The hourglass called to her. Inside it was a door set at the bottom, an opening through which the black sand vanished, sinking and swirling until it disappeared. Emory set her hands on the cool glass. Shadows gathered inside the bulbs, lifting the sand as if there were a sudden gust of wind trapped within. The black sand shimmered like stars in the dark, rearranging into something vaguely familiar. When the shadows dissipated, a tree was trapped in the hourglass, filling every inch of space. Its branches full of healthy green leaves filled the top bulb, and its trunk squeezed tight in the narrow space leading to the bottom bulb, where its dead-looking roots twisted and twined onto one another.

Emory’s hand moved of its own volition as it tightened into a fist and punched through the glass.

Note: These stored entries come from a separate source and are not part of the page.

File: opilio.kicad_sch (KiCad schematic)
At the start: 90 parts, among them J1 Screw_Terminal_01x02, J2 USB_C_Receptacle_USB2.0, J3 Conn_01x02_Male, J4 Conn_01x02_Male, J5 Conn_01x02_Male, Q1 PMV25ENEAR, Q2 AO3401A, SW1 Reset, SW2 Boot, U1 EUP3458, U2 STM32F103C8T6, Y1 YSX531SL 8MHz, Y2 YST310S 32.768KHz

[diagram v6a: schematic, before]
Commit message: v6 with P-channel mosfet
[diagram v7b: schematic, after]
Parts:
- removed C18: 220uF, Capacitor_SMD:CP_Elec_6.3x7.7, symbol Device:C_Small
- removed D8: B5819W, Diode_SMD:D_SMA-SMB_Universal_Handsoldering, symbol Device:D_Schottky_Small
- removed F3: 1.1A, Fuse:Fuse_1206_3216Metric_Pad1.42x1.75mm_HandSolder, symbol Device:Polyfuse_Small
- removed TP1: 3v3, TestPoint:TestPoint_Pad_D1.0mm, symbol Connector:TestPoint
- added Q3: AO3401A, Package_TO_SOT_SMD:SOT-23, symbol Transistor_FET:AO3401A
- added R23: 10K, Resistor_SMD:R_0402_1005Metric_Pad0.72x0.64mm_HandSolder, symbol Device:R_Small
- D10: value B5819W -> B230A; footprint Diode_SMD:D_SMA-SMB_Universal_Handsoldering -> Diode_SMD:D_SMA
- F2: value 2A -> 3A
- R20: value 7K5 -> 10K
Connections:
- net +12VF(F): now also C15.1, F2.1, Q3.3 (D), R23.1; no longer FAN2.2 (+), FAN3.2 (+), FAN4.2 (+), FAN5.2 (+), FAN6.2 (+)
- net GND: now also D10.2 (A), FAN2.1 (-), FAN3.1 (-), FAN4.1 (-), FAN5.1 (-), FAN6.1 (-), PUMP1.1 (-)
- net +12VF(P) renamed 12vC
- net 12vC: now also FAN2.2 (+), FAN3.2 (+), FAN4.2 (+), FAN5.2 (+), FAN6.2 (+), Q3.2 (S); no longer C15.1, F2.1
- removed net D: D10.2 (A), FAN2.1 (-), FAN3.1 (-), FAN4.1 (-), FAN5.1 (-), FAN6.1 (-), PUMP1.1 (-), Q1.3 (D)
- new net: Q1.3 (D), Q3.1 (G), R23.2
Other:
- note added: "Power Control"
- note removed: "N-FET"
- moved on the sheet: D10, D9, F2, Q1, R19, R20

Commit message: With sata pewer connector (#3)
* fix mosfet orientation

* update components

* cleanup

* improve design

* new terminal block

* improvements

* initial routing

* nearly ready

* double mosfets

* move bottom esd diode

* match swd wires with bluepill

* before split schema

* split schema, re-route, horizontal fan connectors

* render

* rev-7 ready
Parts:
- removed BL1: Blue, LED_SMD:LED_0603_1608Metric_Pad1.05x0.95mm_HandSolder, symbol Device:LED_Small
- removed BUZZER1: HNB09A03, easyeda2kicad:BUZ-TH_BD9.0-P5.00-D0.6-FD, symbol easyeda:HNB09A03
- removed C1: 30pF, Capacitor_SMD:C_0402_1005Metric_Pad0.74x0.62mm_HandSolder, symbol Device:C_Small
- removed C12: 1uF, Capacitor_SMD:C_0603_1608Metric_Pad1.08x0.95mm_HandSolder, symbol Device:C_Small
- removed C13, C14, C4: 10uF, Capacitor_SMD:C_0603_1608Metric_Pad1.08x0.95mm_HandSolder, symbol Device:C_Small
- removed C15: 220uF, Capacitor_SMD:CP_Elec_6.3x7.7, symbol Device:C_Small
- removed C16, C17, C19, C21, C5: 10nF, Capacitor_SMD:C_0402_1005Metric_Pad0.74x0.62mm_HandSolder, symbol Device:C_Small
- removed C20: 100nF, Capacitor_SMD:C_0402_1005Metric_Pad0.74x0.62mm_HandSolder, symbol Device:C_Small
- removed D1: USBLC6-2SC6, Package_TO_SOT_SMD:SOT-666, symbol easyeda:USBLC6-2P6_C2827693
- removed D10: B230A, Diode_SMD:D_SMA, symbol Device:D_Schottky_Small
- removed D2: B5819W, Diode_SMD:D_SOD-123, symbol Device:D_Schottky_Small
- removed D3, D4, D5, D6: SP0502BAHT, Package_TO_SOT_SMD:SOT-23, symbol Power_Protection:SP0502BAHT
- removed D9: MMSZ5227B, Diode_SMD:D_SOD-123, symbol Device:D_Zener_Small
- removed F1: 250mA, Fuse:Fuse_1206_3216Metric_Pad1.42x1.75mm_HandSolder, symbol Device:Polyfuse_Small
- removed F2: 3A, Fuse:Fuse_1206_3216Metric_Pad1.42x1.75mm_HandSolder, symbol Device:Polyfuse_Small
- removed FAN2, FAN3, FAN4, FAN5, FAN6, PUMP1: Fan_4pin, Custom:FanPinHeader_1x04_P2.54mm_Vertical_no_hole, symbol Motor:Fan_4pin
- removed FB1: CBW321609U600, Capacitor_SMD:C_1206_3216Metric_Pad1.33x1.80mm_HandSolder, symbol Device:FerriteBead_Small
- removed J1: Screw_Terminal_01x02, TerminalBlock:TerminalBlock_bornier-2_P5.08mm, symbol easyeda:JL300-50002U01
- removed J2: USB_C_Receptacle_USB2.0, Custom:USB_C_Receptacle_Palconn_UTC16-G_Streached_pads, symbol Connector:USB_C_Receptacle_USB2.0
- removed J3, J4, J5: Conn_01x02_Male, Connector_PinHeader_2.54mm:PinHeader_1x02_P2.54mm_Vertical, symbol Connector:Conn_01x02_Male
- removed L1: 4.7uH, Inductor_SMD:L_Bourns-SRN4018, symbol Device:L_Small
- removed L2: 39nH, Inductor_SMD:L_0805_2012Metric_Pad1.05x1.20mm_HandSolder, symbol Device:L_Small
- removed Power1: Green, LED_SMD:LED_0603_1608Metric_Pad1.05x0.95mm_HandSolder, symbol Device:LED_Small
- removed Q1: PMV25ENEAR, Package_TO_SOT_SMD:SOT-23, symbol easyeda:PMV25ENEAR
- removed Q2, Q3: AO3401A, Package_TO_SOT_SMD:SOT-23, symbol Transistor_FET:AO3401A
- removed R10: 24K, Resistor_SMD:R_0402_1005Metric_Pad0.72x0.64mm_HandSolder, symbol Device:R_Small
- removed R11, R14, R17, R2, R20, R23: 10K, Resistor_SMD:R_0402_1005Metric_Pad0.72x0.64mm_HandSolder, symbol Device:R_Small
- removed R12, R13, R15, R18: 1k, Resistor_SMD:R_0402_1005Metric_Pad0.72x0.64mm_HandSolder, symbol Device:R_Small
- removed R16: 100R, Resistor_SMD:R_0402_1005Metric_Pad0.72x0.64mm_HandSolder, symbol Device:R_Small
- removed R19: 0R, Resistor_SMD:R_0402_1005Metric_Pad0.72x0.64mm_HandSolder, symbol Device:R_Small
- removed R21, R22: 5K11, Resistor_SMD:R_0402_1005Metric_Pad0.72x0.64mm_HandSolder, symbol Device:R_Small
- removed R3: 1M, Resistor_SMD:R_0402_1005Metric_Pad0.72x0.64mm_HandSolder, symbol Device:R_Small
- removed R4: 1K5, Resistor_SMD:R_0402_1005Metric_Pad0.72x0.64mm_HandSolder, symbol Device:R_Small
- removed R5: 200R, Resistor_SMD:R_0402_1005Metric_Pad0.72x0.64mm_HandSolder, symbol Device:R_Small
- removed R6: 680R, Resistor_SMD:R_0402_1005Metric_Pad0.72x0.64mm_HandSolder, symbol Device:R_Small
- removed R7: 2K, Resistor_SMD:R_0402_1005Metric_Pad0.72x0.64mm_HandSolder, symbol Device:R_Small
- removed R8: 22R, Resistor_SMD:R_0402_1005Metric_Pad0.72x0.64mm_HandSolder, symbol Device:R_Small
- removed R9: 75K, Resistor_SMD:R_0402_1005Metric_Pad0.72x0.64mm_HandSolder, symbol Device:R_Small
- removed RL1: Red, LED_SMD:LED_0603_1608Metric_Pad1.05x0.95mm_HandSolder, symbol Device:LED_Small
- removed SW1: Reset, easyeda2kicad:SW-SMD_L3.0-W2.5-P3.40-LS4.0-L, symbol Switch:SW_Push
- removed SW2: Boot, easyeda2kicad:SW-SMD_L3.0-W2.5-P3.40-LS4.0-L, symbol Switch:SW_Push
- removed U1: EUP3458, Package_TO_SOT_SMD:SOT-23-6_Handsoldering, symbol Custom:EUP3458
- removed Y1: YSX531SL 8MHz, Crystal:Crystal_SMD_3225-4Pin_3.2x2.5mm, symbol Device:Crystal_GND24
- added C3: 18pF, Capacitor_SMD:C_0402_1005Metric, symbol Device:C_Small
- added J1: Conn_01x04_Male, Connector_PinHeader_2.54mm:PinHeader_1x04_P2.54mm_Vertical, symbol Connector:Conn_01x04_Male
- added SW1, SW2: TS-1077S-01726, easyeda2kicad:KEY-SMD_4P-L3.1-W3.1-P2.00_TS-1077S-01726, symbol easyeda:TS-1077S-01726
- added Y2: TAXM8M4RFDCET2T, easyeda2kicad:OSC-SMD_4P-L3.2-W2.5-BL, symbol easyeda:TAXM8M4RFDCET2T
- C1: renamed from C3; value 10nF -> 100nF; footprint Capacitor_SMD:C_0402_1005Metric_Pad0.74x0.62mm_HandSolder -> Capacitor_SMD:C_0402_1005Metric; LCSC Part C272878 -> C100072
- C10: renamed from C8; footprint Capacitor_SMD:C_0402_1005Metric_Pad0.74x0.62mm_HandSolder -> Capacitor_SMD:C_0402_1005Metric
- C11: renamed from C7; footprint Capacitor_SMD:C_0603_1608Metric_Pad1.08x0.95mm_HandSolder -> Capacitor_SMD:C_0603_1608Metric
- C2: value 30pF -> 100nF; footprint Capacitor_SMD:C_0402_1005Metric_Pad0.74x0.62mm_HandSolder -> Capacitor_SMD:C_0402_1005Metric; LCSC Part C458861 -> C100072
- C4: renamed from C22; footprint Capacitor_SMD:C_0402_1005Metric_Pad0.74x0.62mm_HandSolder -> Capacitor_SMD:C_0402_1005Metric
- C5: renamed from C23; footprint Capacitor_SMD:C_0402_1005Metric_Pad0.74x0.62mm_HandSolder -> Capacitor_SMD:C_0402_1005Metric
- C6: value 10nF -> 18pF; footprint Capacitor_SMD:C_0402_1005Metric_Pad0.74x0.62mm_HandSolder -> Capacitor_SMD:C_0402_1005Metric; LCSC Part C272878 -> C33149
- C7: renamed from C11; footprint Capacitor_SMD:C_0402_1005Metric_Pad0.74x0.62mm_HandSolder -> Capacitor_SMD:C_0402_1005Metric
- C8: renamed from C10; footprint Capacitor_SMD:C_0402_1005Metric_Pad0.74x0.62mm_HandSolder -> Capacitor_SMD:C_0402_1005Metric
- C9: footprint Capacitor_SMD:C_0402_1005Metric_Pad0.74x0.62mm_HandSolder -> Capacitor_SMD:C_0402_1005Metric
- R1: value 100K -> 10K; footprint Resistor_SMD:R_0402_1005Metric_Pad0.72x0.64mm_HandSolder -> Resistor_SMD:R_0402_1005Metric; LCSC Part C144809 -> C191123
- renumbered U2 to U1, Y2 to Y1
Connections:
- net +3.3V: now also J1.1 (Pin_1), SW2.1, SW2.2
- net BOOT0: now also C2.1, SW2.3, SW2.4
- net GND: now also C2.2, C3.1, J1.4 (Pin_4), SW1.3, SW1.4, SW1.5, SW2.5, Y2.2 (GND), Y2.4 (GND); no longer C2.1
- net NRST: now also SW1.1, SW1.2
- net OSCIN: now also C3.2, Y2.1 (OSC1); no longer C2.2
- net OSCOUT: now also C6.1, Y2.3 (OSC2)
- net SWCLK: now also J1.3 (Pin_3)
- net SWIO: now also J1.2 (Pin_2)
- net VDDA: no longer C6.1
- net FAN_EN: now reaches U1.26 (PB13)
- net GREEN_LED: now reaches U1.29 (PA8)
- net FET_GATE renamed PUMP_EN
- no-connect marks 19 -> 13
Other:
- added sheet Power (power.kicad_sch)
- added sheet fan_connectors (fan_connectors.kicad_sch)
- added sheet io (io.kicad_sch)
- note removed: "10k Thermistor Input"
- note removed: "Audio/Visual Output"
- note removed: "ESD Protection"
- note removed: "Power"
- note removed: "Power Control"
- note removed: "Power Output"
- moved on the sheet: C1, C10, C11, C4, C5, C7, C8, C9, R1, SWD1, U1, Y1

The tree dissipated into black sand and shadows once more, which burst out of the shattered glass like an exploding star. Emory wanted to shield her eyes but couldn’t look away, not as shadows and sand and glass pulled back, leaving her untouched, and remade themselves into a shape she knew well.

An umbra wearing a wicked crown of obsidian.

Sidraeus. The deity she’d once known as the Shadow.

Emory’s sleeping consciousness sharpened at his presence. This was no longer a mindless dream; she was dreaming, her Waning Moon magic making her suddenly lucid. Fear shot through her like adrenaline. She’d been trying to find Sidraeus in dreams for a while now, without any luck. Now here he was.

It was odd, seeing him in his umbra form. She’d become so used to seeing him wearing Keiran’s face. Sidraeus had possessed him to escape the sleepscape, where the deity had been imprisoned for centuries by the mighty god who ruled over the realm of sleep and death. Now Sidraeus was trapped again in the dark between stars, bodiless, after he’d lost his vessel.

That was the last time Emory saw him. When he, in Keiran’s body, had put himself between her and Cornus Clover, saving her from a killing blow that ended Keiran’s life—for good this time—and left Sidraeus as the crowned umbra that stood before her now.

He did not seem to recognize her. Or if he did, whatever tentative truce they had found vanished as his shadowed hand shot out to wrap around her neck.

Emory flinched, her body going rigid. She wasn’t sure if it was the deity towering over her she feared or the echo of Keiran the gesture conjured. “Sid—Sidraeus,” she sputtered as his clawed hands dug deeper into her skin. “Let go of me.”

Those fathomless eyes drank her in, a flicker of hatred burning deep within.

You’re the reason I’m here, Tidecaller. Why should I not kill you?

He had no mouth to speak with, the words echoing instead in Emory’s mind. He spoke in a tongue that was rough yet ethereal, something she felt certain she had heard before but never understood until now. His hold on her tightened, and she grappled with the arm choking her, her hands connecting with what felt like exposed bone, those swirling shadows making her fingers go numb with cold.

“Please,” she managed painfully. Pitifully. “You need me.”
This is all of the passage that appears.